DATASET:
==================================================
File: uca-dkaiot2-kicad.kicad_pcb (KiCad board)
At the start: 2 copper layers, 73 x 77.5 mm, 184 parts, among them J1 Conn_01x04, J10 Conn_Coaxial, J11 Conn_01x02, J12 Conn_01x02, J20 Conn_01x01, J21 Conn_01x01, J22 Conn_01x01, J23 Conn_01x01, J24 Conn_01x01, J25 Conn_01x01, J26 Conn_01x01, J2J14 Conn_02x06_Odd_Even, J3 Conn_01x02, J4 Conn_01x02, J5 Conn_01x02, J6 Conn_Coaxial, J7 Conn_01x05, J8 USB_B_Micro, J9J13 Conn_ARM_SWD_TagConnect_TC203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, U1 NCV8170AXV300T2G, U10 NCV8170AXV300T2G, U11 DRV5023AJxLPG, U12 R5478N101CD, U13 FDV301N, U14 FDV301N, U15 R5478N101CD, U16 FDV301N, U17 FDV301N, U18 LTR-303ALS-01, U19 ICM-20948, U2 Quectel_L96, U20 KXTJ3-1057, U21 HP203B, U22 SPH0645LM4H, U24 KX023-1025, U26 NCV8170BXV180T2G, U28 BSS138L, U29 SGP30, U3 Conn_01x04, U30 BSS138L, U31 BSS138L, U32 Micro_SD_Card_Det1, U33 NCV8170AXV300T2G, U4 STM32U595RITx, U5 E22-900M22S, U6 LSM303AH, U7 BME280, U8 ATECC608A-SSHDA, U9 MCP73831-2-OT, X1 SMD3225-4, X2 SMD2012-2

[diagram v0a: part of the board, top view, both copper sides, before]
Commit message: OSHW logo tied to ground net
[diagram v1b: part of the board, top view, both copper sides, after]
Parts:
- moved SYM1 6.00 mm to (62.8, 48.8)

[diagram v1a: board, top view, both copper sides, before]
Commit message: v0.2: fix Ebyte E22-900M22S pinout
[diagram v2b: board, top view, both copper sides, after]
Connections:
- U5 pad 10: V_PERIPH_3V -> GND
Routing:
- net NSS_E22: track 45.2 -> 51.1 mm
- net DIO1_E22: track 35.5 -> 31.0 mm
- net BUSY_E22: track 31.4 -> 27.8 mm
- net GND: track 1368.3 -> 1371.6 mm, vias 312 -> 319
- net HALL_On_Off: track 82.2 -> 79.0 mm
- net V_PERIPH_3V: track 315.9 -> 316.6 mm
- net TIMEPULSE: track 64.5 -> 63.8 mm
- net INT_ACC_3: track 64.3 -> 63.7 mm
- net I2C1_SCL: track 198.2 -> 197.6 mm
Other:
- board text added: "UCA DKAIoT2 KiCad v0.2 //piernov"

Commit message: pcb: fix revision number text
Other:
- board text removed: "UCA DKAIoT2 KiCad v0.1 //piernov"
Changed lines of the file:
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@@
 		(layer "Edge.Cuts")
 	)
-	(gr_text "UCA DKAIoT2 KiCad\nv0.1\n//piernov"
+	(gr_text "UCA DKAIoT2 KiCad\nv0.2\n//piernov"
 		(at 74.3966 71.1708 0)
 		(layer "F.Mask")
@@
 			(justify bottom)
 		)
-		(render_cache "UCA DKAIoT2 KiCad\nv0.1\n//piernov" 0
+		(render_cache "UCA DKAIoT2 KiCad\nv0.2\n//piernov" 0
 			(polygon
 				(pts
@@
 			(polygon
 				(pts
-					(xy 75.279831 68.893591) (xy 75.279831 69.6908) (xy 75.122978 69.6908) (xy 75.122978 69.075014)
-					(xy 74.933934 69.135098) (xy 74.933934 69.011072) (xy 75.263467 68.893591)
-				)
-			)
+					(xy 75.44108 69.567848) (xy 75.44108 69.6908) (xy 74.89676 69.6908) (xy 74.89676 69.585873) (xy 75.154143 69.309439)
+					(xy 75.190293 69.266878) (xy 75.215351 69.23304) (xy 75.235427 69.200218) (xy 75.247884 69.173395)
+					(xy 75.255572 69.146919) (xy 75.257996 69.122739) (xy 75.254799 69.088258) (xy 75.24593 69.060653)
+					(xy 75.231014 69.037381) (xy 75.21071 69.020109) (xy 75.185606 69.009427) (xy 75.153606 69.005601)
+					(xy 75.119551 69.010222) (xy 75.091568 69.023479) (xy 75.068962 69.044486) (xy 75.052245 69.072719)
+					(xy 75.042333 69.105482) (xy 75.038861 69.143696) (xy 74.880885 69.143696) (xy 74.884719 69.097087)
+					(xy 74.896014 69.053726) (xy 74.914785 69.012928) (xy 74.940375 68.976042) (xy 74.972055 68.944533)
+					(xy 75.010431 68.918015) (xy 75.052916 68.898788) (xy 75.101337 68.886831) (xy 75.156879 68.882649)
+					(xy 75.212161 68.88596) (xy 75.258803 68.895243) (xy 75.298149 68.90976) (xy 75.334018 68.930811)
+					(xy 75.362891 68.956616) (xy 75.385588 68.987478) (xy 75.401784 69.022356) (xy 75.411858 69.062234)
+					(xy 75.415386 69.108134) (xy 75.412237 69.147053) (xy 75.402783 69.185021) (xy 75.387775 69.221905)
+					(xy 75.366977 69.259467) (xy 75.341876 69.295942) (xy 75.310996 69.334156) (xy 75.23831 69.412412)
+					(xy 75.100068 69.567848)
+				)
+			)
==================================================
GOAL OF THE EXERCISE: Over the whole of the material above, count the lines that contain the word "sides"; give only the number.

EXPECTED OUTPUT: 4